Sunday, February 13, 2011
Venison, Kumara and Salad
He selected some sausages, venison and 500 grams of rendered duck fat.
Barbecued Venison
1 x 1kg Venison Denver Leg cut into pieces about 4-5cm thick
Marinade:
1Tbsp finely chopped fresh Rosemary
Maldon sea Salt
Freshly ground pepper
To prepare meat butterfly Denver leg if needed. Sprinkle with Rosemary, Salt and Pepper. Marinate in the fridge for 1-4 hours. Preheat and oil the BBQ grill, cook meat for 3-4 minutes over high heat on each side, or until medium rare, rest for 10 minutes off the heat in a warm place.
Serves 5-6
Kumara (sweet potato) diced & cooked in rendered duck fat. Salt, pepper and a bit of rosemary. We served with side salad.

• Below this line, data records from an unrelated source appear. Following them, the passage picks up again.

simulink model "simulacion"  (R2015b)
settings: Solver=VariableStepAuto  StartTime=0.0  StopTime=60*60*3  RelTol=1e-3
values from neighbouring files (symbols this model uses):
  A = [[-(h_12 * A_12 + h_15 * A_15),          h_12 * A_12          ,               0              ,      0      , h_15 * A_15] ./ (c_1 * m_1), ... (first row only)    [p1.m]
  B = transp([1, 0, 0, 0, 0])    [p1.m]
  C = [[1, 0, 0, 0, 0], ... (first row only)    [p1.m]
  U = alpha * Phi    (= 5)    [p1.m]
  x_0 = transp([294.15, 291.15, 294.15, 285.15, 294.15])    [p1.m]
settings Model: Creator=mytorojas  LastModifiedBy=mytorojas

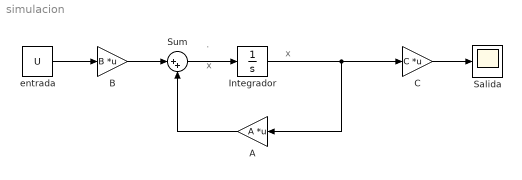
== system simulacion ==
  note: .
  note: x
  note: x
  A : Gain  Gain=A  Multiplication=Matrix(K*u)
  B : Gain  Gain=B  Multiplication=Matrix(K*u)
  C : Gain  Gain=C  Multiplication=Matrix(K*u)
  Integrador : Integrator  InitialCondition=x_0
  Salida : Scope
  Sum : Sum  Inputs=|++
  entrada : Constant  Value=U
  wires:
  entrada/1 -> B/1
  Integrador/1 -> C/1, A/1
  A/1 -> Sum/2
  B/1 -> Sum/1
  Sum/1 -> Integrador/1
  C/1 -> Salida/1
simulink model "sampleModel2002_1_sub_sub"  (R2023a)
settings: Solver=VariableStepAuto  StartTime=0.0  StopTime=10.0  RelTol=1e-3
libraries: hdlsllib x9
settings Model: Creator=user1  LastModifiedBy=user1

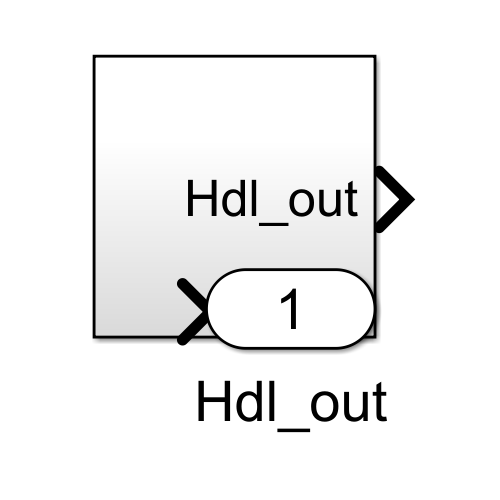
[thumbnail: Simulink's stored preview of the top-level diagram]
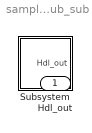
== system sampleModel2002_1_sub_sub ==
  Subsystem : Subsystem
  Hdl_out : Outport  OutDataTypeStr=uint8

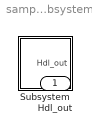
== system sampleModel2002_1_sub_sub/Subsystem ==
  Subsystem : Subsystem
  Hdl_out : Outport  OutDataTypeStr=uint8

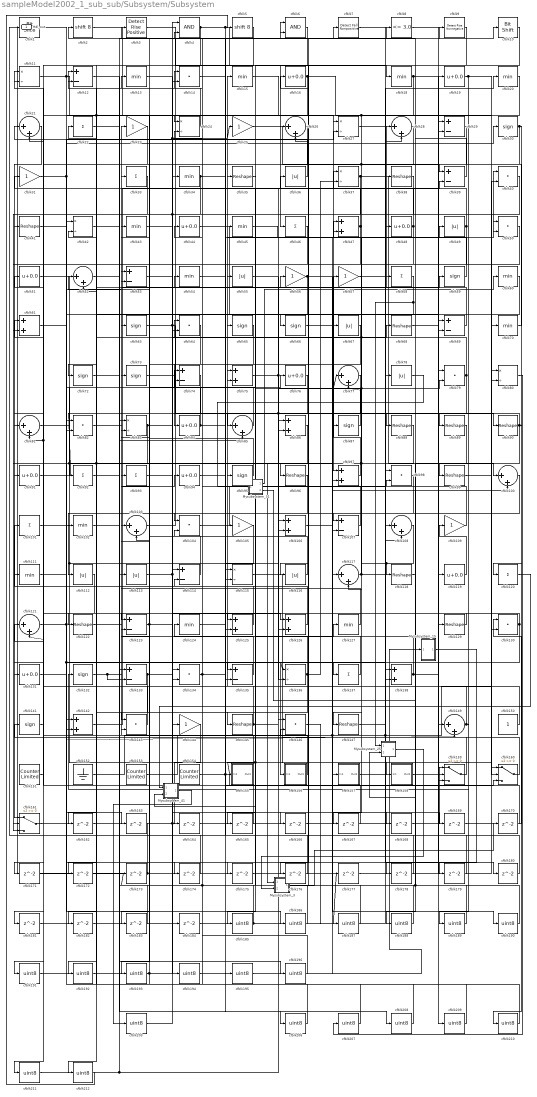
== system sampleModel2002_1_sub_sub/Subsystem/Subsystem ==
  Mysubsystem_15 : Subsystem  TreatAsAtomicUnit=on  RTWFcnName=Mysubsystem_15
      settings: RTWFcnNameOpts=User specified  RTWFileNameOpts=Use function name
  Mysubsystem_25 : Subsystem  TreatAsAtomicUnit=on  RTWFcnName=Mysubsystem_25
      settings: RTWFcnNameOpts=User specified  RTWFileNameOpts=Use function name
  Mysubsystem_3 : Subsystem  TreatAsAtomicUnit=on  RTWFcnName=Mysubsystem_3
      settings: RTWFcnNameOpts=User specified  RTWFileNameOpts=Use function name
  Mysubsystem_31 : Subsystem  TreatAsAtomicUnit=on  RTWFcnName=Mysubsystem_31
      settings: RTWFcnNameOpts=User specified  RTWFileNameOpts=Use function name
  Mysubsystem_41 : Subsystem  TreatAsAtomicUnit=on  RTWFcnName=Mysubsystem_41
      settings: RTWFcnNameOpts=User specified  RTWFileNameOpts=Use function name
  cfblk1 : hdlsllib/Logic and Bit Operations/Bit Slice  lidx=7  ridx=0
  cfblk10 : hdlsllib/Logic and Bit Operations/Bit Shift  mode=Shift Left Logical  N=0
  cfblk{21,26,28,52,77,81,85,100,103,108,117,121,149} (13 alike) : Sum  Inputs=|++  OutDataTypeStr=uint8
  cfblk{22,33,46,58,92..93,101,120,137} (9 alike) : Sum  Inputs=+  OutDataTypeStr=uint8
  cfblk{13,15,18,20,34,43,45,54,60,70,102,111,124,127} (14 alike) : MinMax  OutDataTypeStr=uint8
  cfblk{14,40,50,64,79,82,98,104,130,134,143,146} (12 alike) : DotProduct  OutDataTypeStr=uint8
  cfblk{23,25,31,56..57,105,109,144} (8 alike) : Gain  OutDataTypeStr=uint8
  cfblk{47,61,75,86,97,106,125..126,138,142} (10 alike) : Sum  OutDataTypeStr=uint8
  cfblk{12,29,39,53,69,74,107,114,123,133,135} (11 alike) : Sum  Inputs=+-  OutDataTypeStr=uint8
  cfblk{11,24,27,37,42,80,83,115,136} (9 alike) : Product  Inputs=*/  OutDataTypeStr=uint8  RndMeth=Zero  SaturateOnIntegerOverflow=on
  cfblk{36,49,55,67,78,112..113,116} (8 alike) : Abs  OutDataTypeStr=uint8  SaturateOnIntegerOverflow=off
  cfblk{35,38,41,68,88..90,96,99,118,122,129,145,147} (14 alike) : Reshape
  cfblk{16,19,44,48,51,76,84,91,94,119,131} (11 alike) : Bias  Bias=0.0  SaturateOnIntegerOverflow=off
  cfblk{30,59,63,65..66,72..73,87,95,132,141} (11 alike) : Signum
  cfblk150 : Constant  OutDataTypeStr=uint8  SampleTime=-1
  cfblk151 : hdlsllib/Sources/Counter Limited  uplimit=7  tsamp=-1
  cfblk152 : Ground
  cfblk153 : hdlsllib/Sources/Counter Limited  uplimit=7  tsamp=-1
  cfblk154 : hdlsllib/Sources/Counter Limited  uplimit=7  tsamp=-1
  cfblk155 : Subsystem
      settings: LibrarySourceBlock=|
      | hdlsllib/Ports &
      | Subsystems/Subsystem
  cfblk156 : Subsystem
      settings: LibrarySourceBlock=|
      | hdlsllib/Ports &
      | Subsystems/Subsystem
  cfblk157 : Subsystem
      settings: LibrarySourceBlock=|
      | hdlsllib/Ports &
      | Subsystems/Subsystem
  cfblk158 : Subsystem
      settings: LibrarySourceBlock=|
      | hdlsllib/Ports &
      | Subsystems/Subsystem
  cfblk159 : Switch  OutDataTypeStr=uint8  SaturateOnIntegerOverflow=off  InputSameDT=off
  cfblk160 : Switch  OutDataTypeStr=uint8  SaturateOnIntegerOverflow=off  InputSameDT=off
  cfblk161 : Switch  OutDataTypeStr=uint8  SaturateOnIntegerOverflow=off  InputSameDT=off
  cfblk{162..184} (23 alike) : Delay  SampleTime=1
  cfblk{185..196,203,206..212} (20 alike) : DataTypeConversion  OutDataTypeStr=uint8  SaturateOnIntegerOverflow=off  RndMeth=Floor
  cfblk2 : ArithShift  BitShiftNumber=8
  cfblk3 : hdlsllib/Logic and Bit Operations/Detect Rise Positive  vinit=0  OutDataTypeStr=uint8
  cfblk4 : Logic  AllPortsSameDT=off  OutDataTypeStr=boolean
  cfblk5 : ArithShift  BitShiftNumber=8
  cfblk6 : Logic  AllPortsSameDT=off  OutDataTypeStr=boolean
  cfblk7 : hdlsllib/Logic and Bit Operations/Detect Fall Nonpositive  vinit=0  OutDataTypeStr=uint8
  cfblk8 : hdlsllib/Logic and Bit Operations/Compare To Constant  relop=<=  const=3.0  OutDataTypeStr=uint8
  cfblk9 : hdlsllib/Logic and Bit Operations/Detect Rise Nonnegative  vinit=0  OutDataTypeStr=uint8
  Hdl_out : Outport  OutDataTypeStr=uint8
  wires:
  Mysubsystem_41/1(Out1) -> cfblk203/1
  cfblk120/1 -> Mysubsystem_41/1(In1)
  Mysubsystem_31/2(Out2) -> Mysubsystem_25/2(In2)
  Mysubsystem_31/1(Out1) -> cfblk60/1
  cfblk78/1 -> Mysubsystem_31/1(In1)
  Mysubsystem_25/1(Out1) -> Mysubsystem_3/2(In2)
  Mysubsystem_15/1(Out1) -> cfblk178/1
  cfblk195/1 -> Mysubsystem_15/1(In1)
  Mysubsystem_3/1(Out1) -> cfblk170/1
  cfblk212/1 -> cfblk5/1
  cfblk211/1 -> cfblk86/2, cfblk113/1
  cfblk210/1 -> cfblk42/2
  cfblk209/1 -> cfblk42/1
  cfblk8/1 -> cfblk209/1
  cfblk208/1 -> cfblk82/1
  cfblk42/1 -> cfblk208/1
  cfblk207/1 -> cfblk54/1
  cfblk80/1 -> cfblk207/1
  cfblk206/1 -> cfblk63/1
  cfblk54/1 -> cfblk206/1
  cfblk203/1 -> cfblk184/1
  cfblk196/1 -> cfblk124/1
  cfblk102/1 -> cfblk196/1
  cfblk124/1 -> cfblk195/1
  cfblk194/1 -> cfblk67/1
  cfblk43/1 -> cfblk194/1
  cfblk193/1 -> cfblk14/2, cfblk93/1
  cfblk192/1 -> cfblk106/2
  cfblk172/1 -> cfblk192/1
  cfblk191/1 -> cfblk106/1
  cfblk23/1 -> cfblk191/1
  cfblk190/1 -> cfblk98/2, cfblk43/1
  cfblk189/1 -> cfblk146/2
  cfblk188/1 -> cfblk146/1
  cfblk89/1 -> cfblk188/1
  cfblk187/1 -> cfblk173/1, cfblk104/2
  cfblk186/1 -> cfblk35/1
  cfblk61/1 -> cfblk186/1
  cfblk185/1 -> cfblk177/1, cfblk143/2
  cfblk184/1 -> cfblk117/1
  cfblk183/1 -> cfblk83/1
  cfblk182/1 -> cfblk133/1
  cfblk181/1 -> cfblk138/1
  cfblk26/1 -> cfblk181/1
  cfblk180/1 -> cfblk115/1
  cfblk27/1 -> cfblk180/1
  cfblk179/1 -> cfblk74/2
  cfblk178/1 -> cfblk123/2
  cfblk177/1 -> cfblk149/1
  cfblk176/1 -> cfblk24/2
  cfblk175/1 -> cfblk79/1
  cfblk52/1 -> cfblk175/1
  cfblk174/1 -> cfblk12/2
  cfblk173/1 -> cfblk142/1, Hdl_out/1
  cfblk171/1 -> cfblk130/2
  cfblk112/1 -> cfblk171/1
  cfblk170/1 -> cfblk103/1
  cfblk169/1 -> cfblk40/2
  cfblk157/1(Out1) -> cfblk169/1
  cfblk168/1 -> cfblk159/3
  cfblk14/1 -> cfblk168/1
  cfblk167/1 -> cfblk21/2
  cfblk166/1 -> cfblk29/2
  cfblk13/1 -> cfblk166/1
  cfblk165/1 -> cfblk121/1
  cfblk6/1 -> cfblk165/1
  cfblk164/1 -> cfblk108/2
  cfblk144/1 -> cfblk164/1
  cfblk163/1 -> cfblk1/1
  cfblk162/1 -> cfblk69/1
  cfblk46/1 -> cfblk61/2
  cfblk96/1 -> Mysubsystem_41/2(In2), cfblk155/1(In1)
  cfblk151/1 -> cfblk61/1
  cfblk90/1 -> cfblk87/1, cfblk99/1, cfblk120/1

Thursday, January 20, 2011
Preparing for the Week
Here is a post from Robb Wolf on how to prep a weeks worth of meals in advance. Although they mention some bulk stores, I find Moore Wilsons in Wellington to have some great meat choices. They carry Freedom Farm brands, gluten free sausages, fresh seafood and lots of produce. Check it out. No Excuses.
Act like a paleo boyscout and "Be Prepared"
Tuesday, January 18, 2011
Sloppy Joe's
Here is a spicy cocoa version of an old favorite. Since we will not be serving this over the traditional hamburger bun, you have several options. I like to make a bed of romaine lettuce and tomato slices, but there are many possibilities: eggplant, squash, nut patties, you name it.
30 minutes
· 1kg ground turkey or beef (preferably prime grass-fed)
· 1 cup chopped onion
· 1 cup tomato puree
· 2 Tbsp cocoa powder
· 1 Tbsp chili powder
· ½ tsp yellow mustard powder
· 1 ½ tsp ground black pepper
Cook meat and onion in a large skillet on medium heat for 10 to 15 minutes, until the meat is browned. Stir in the remaining ingredients and heat for another 10 to 15 minutes. Serve over vegetables of your choice. Makes 4 servings.